#### [Problem details]
Would you reproduce each line below exactly, leaving every picture out?

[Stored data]
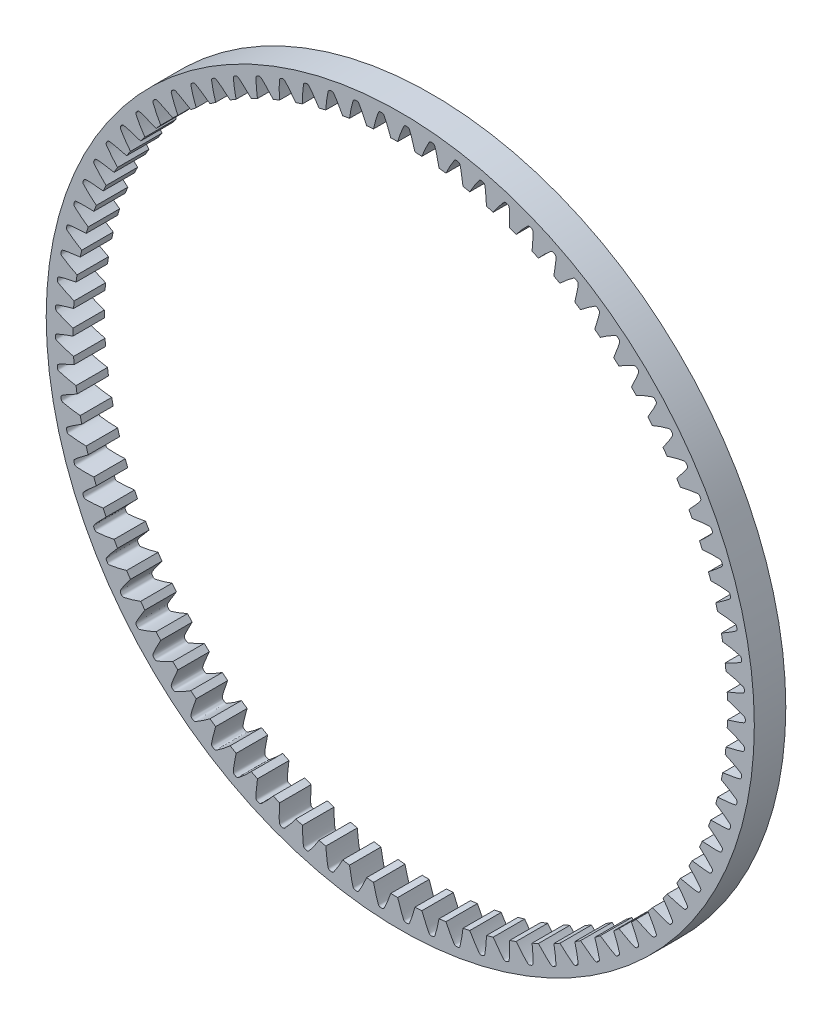
from build123d import *

# Parameters (mm, degrees)
SKETCHREVOLVESPURGEAR_W       = 4
SKETCHREVOLVESPURGEAR_H       = 3.400000623
TOOTHEXTRUDECUTSPURGEAR_DEPTH = 2
PATTERNSPURGEAR_COUNT         = 85


with BuildPart() as part:
    # SketchRevolveSpurGear → SpurGear (revolve)
    with BuildSketch(Plane(origin=(0, 0, 0), x_dir=(0, 0, -1), z_dir=(1, 0, 0))):
        with Locations((0, 43.299999689)):
            Rectangle(SKETCHREVOLVESPURGEAR_W, SKETCHREVOLVESPURGEAR_H)
    revolve(axis=Axis((0, 0, 0), (0, 0, -1)))

    # SketchToothSpurGear → ToothExtrudeCutSpurGear (cut, symmetric)
    with BuildSketch(Plane.XY):
        with BuildLine():
            ThreePointArc((41.552846843, -1.105624405), (41.567553285, 0), (41.552846843, 1.105624405))
            add(Edge.make_bspline(
                [(41.552846843, 1.105624405), (41.673284001, 1.074300745), (41.857727336, 1.023146139), (42.108058526, 0.947613855), (42.308408323, 0.883795769), (42.516686461, 0.813876573), (42.732829241, 0.737734764), (42.956380285, 0.654570034), (43.188408759, 0.566286412), (43.437520303, 0.458216502), (43.635660173, 0.396456981), (43.744485255, 0.319510011), (43.77556029, 0.28884056), (43.802033476, 0.254162276), (43.823120538, 0.215966349), (43.843700218, 0.162039666), (43.850916746, 0.103645766), (43.849772594, 0.045124008), (43.850112717, 0), (43.849772594, -0.045124008), (43.850916746, -0.103645766), (43.843700218, -0.162039666), (43.823120538, -0.215966349), (43.802033476, -0.254162276), (43.77556029, -0.28884056), (43.744485255, -0.319510011), (43.635660173, -0.396456981), (43.437520303, -0.458216502), (43.188408759, -0.566286412), (42.956380285, -0.654570034), (42.732829241, -0.737734764), (42.516686461, -0.813876573), (42.308408323, -0.883795769), (42.108058526, -0.947613855), (41.857727336, -1.023146139), (41.673284001, -1.074300745), (41.552846843, -1.105624405)],
                knots=[0, 0, 0, 0, 0.069600693, 0.107040471, 0.146239871, 0.187198892, 0.229917534, 0.274395798, 0.320633683, 0.368631189, 0.426700589, 0.434807445, 0.442914302, 0.451021158, 0.459128014, 0.46723487, 0.483178157, 0.491589083, 0.5, 0.508410917, 0.516821843, 0.53276513, 0.540871986, 0.548978842, 0.557085698, 0.565192555, 0.573299411, 0.631368811, 0.679366317, 0.725604202, 0.770082466, 0.812801108, 0.853760129, 0.892959529, 0.930399307, 1, 1, 1, 1], degree=3))
        make_face()
    toothextrudecutspurgear = extrude(amount=TOOTHEXTRUDECUTSPURGEAR_DEPTH, both=True, mode=Mode.SUBTRACT)

    # PatternSpurGear: ToothExtrudeCutSpurGear ×85 about axis
    patternspurgear_axis = Axis((0, 0, 55), (0, 0, -1))
    for i in range(1, PATTERNSPURGEAR_COUNT):
        add(toothextrudecutspurgear.rotate(patternspurgear_axis, i * 360 / PATTERNSPURGEAR_COUNT), mode=Mode.SUBTRACT)


solid = part.part

#### [Response to the exercise]
from build123d import *

# Parameters (mm, degrees)
SKETCHREVOLVESPURGEAR_W       = 4
SKETCHREVOLVESPURGEAR_H       = 3.400000623
TOOTHEXTRUDECUTSPURGEAR_DEPTH = 2
PATTERNSPURGEAR_COUNT         = 85


with BuildPart() as part:
    # SketchRevolveSpurGear → SpurGear (revolve)
    with BuildSketch(Plane(origin=(0, 0, 0), x_dir=(0, 0, -1), z_dir=(1, 0, 0))):
        with Locations((0, 43.299999689)):
            Rectangle(SKETCHREVOLVESPURGEAR_W, SKETCHREVOLVESPURGEAR_H)
    revolve(axis=Axis((0, 0, 0), (0, 0, -1)))

    # SketchToothSpurGear → ToothExtrudeCutSpurGear (cut, symmetric)
    with BuildSketch(Plane.XY):
        with BuildLine():
            ThreePointArc((41.552846843, -1.105624405), (41.567553285, 0), (41.552846843, 1.105624405))
            add(Edge.make_bspline(
                [(41.552846843, 1.105624405), (41.673284001, 1.074300745), (41.857727336, 1.023146139), (42.108058526, 0.947613855), (42.308408323, 0.883795769), (42.516686461, 0.813876573), (42.732829241, 0.737734764), (42.956380285, 0.654570034), (43.188408759, 0.566286412), (43.437520303, 0.458216502), (43.635660173, 0.396456981), (43.744485255, 0.319510011), (43.77556029, 0.28884056), (43.802033476, 0.254162276), (43.823120538, 0.215966349), (43.843700218, 0.162039666), (43.850916746, 0.103645766), (43.849772594, 0.045124008), (43.850112717, 0), (43.849772594, -0.045124008), (43.850916746, -0.103645766), (43.843700218, -0.162039666), (43.823120538, -0.215966349), (43.802033476, -0.254162276), (43.77556029, -0.28884056), (43.744485255, -0.319510011), (43.635660173, -0.396456981), (43.437520303, -0.458216502), (43.188408759, -0.566286412), (42.956380285, -0.654570034), (42.732829241, -0.737734764), (42.516686461, -0.813876573), (42.308408323, -0.883795769), (42.108058526, -0.947613855), (41.857727336, -1.023146139), (41.673284001, -1.074300745), (41.552846843, -1.105624405)],
                knots=[0, 0, 0, 0, 0.069600693, 0.107040471, 0.146239871, 0.187198892, 0.229917534, 0.274395798, 0.320633683, 0.368631189, 0.426700589, 0.434807445, 0.442914302, 0.451021158, 0.459128014, 0.46723487, 0.483178157, 0.491589083, 0.5, 0.508410917, 0.516821843, 0.53276513, 0.540871986, 0.548978842, 0.557085698, 0.565192555, 0.573299411, 0.631368811, 0.679366317, 0.725604202, 0.770082466, 0.812801108, 0.853760129, 0.892959529, 0.930399307, 1, 1, 1, 1], degree=3))
        make_face()
    toothextrudecutspurgear = extrude(amount=TOOTHEXTRUDECUTSPURGEAR_DEPTH, both=True, mode=Mode.SUBTRACT)

    # PatternSpurGear: ToothExtrudeCutSpurGear ×85 about axis
    patternspurgear_axis = Axis((0, 0, 55), (0, 0, -1))
    for i in range(1, PATTERNSPURGEAR_COUNT):
        add(toothextrudecutspurgear.rotate(patternspurgear_axis, i * 360 / PATTERNSPURGEAR_COUNT), mode=Mode.SUBTRACT)


solid = part.part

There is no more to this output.